Data for review: Begin
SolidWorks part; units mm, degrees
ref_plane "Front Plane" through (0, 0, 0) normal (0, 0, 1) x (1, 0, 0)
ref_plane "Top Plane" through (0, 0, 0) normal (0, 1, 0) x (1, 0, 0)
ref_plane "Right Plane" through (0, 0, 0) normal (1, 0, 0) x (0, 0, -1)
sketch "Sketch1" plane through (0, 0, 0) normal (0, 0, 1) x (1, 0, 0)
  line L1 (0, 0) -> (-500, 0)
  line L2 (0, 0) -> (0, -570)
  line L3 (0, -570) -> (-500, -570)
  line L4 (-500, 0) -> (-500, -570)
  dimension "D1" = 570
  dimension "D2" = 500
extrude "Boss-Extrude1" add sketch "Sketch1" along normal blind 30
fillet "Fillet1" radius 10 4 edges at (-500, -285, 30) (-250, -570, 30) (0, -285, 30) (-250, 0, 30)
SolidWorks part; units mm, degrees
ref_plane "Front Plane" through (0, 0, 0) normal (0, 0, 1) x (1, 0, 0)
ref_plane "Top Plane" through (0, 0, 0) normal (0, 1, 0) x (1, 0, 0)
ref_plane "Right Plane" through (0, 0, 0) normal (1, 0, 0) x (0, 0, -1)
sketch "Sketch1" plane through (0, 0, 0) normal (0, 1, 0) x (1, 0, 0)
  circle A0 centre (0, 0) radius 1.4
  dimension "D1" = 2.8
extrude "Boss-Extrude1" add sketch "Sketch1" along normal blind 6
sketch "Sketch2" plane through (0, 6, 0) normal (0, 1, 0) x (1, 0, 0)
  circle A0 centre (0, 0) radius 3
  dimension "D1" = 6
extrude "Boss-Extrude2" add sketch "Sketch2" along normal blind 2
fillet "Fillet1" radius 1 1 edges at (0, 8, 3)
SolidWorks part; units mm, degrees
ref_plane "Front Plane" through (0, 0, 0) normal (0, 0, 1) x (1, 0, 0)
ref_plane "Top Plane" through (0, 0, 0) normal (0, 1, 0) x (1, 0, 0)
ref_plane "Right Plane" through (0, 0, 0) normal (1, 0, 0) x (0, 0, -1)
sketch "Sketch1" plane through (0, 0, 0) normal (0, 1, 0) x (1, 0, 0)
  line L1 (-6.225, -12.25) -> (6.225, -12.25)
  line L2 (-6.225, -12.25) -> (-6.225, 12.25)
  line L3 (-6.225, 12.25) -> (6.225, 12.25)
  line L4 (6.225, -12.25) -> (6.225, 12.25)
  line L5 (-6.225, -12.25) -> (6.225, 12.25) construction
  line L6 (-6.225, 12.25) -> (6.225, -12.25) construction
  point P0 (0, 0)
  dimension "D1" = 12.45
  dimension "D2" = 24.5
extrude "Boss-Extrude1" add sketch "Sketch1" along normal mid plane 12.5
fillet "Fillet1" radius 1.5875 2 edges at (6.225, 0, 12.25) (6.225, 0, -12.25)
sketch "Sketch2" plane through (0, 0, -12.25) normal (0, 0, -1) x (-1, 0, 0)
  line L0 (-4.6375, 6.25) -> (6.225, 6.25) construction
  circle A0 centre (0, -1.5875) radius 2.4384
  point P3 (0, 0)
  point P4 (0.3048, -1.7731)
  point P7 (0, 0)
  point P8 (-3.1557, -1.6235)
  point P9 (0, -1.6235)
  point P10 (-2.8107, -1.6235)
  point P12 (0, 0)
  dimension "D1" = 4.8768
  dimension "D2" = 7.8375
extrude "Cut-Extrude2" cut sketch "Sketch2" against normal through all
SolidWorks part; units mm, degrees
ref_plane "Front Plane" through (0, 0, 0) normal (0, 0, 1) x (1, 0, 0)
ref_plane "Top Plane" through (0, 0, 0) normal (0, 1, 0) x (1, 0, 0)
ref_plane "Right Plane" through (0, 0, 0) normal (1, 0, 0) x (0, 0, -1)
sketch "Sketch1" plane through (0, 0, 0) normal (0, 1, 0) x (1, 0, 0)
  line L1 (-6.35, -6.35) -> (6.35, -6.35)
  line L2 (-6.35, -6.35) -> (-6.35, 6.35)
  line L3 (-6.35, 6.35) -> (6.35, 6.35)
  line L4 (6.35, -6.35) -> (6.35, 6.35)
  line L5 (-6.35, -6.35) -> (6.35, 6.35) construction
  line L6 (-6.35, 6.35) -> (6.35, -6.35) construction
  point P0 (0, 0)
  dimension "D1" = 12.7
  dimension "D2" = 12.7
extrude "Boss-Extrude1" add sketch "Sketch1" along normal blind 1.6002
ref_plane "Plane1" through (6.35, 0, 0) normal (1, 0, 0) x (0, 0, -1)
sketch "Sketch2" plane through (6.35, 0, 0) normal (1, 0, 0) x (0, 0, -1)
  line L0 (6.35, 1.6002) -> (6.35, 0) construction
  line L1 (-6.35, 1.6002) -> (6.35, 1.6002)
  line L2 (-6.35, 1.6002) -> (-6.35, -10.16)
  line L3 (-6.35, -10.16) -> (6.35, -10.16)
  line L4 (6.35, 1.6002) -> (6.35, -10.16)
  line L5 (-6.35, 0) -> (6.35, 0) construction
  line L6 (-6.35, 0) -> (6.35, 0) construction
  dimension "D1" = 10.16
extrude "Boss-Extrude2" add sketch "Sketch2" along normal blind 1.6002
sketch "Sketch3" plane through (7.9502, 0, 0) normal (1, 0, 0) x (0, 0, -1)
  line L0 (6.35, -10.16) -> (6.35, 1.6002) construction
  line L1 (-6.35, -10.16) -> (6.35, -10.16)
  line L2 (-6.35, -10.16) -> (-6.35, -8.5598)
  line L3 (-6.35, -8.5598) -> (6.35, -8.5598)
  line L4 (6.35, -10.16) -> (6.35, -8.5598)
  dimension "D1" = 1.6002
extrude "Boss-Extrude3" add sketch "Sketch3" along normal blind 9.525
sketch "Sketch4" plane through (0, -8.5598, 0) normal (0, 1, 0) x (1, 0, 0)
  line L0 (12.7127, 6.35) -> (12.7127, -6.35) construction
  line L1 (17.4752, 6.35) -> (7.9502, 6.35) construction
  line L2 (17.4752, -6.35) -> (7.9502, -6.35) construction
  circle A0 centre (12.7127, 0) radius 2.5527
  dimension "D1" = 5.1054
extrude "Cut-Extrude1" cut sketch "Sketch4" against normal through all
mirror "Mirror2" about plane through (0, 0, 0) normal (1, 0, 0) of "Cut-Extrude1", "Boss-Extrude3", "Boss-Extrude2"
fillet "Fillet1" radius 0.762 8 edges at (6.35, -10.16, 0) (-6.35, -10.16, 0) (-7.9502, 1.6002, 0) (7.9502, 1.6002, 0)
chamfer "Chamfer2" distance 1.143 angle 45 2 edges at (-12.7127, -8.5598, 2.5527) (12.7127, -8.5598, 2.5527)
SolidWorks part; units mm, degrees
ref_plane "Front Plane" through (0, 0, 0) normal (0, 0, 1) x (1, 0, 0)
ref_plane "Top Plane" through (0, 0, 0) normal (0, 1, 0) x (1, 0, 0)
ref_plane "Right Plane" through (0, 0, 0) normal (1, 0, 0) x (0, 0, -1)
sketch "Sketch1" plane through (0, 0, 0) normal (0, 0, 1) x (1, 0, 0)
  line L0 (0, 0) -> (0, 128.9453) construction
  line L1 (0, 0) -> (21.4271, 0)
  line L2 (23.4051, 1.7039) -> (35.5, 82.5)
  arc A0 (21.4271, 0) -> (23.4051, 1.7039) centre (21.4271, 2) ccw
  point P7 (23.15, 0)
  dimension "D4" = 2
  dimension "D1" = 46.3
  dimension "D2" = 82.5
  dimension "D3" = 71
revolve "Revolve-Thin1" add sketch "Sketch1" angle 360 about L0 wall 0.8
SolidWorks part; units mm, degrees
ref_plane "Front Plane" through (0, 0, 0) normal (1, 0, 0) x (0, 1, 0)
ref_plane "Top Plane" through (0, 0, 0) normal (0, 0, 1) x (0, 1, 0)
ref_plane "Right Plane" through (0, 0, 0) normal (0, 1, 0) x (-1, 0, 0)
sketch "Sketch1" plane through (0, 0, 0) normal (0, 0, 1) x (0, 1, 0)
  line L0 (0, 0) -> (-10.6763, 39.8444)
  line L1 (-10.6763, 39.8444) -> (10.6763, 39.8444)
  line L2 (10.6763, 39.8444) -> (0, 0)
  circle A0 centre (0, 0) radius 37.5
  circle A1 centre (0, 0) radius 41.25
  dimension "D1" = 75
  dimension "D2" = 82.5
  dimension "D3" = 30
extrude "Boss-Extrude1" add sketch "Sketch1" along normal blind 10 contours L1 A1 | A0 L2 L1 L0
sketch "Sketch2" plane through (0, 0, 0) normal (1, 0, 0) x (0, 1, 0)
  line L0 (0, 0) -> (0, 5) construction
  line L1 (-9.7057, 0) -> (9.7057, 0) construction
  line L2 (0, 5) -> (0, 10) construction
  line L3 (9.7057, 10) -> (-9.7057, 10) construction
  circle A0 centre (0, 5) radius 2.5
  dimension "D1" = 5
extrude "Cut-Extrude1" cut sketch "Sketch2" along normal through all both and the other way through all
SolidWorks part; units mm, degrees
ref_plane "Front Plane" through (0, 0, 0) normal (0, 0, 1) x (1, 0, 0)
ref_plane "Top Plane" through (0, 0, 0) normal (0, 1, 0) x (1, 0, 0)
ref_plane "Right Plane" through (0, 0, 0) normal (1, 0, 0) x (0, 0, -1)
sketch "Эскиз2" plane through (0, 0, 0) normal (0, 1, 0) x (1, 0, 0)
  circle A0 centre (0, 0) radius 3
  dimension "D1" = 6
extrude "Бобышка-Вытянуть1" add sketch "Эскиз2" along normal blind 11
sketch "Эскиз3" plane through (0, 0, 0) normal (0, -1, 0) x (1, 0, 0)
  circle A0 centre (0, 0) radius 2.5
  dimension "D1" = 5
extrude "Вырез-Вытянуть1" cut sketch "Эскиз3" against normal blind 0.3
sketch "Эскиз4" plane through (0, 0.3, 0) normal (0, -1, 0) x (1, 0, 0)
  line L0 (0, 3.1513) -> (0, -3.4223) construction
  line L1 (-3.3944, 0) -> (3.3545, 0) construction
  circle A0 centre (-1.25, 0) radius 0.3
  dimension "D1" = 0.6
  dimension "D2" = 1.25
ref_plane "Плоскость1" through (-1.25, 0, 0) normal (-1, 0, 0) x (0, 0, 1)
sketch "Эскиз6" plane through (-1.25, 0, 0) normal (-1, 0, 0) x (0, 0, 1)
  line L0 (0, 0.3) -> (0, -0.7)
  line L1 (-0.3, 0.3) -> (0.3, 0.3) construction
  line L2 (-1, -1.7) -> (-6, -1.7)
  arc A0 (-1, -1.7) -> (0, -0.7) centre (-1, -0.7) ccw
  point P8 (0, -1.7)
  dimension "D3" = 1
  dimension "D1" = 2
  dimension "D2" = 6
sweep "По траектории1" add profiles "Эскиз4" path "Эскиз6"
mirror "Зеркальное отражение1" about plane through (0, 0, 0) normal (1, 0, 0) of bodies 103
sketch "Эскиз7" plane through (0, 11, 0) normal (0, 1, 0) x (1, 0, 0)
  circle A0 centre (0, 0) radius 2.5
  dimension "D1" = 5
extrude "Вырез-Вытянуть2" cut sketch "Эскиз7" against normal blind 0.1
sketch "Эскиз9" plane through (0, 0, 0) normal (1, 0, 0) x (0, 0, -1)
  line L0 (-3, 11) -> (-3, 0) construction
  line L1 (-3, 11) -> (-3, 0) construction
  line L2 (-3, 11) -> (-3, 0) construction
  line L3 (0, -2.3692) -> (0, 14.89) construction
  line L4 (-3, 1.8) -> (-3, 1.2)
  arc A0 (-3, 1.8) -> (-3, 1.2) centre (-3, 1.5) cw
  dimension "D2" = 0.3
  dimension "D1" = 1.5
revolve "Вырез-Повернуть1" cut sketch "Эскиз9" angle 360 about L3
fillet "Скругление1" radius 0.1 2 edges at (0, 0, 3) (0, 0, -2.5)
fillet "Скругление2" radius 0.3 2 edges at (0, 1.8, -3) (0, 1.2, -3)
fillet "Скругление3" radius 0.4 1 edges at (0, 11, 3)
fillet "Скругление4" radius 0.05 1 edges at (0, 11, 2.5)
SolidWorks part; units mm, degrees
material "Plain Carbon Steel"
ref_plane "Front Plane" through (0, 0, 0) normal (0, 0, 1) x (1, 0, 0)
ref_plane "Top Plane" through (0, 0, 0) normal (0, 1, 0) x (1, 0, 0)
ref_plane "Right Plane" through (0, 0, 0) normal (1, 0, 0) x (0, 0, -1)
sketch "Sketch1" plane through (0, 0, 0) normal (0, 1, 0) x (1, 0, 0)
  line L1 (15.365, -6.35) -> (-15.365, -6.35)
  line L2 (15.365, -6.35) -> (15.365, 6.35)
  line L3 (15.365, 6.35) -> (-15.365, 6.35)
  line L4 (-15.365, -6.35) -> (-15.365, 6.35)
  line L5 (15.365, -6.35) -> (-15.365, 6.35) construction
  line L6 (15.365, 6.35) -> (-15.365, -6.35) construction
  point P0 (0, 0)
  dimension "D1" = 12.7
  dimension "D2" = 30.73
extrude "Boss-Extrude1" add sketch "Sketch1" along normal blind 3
Data for review: End
• **Task requirements**:
Tally the lines in the records containing the string "point"; output only the tally.

• **Response to this exercise**:
12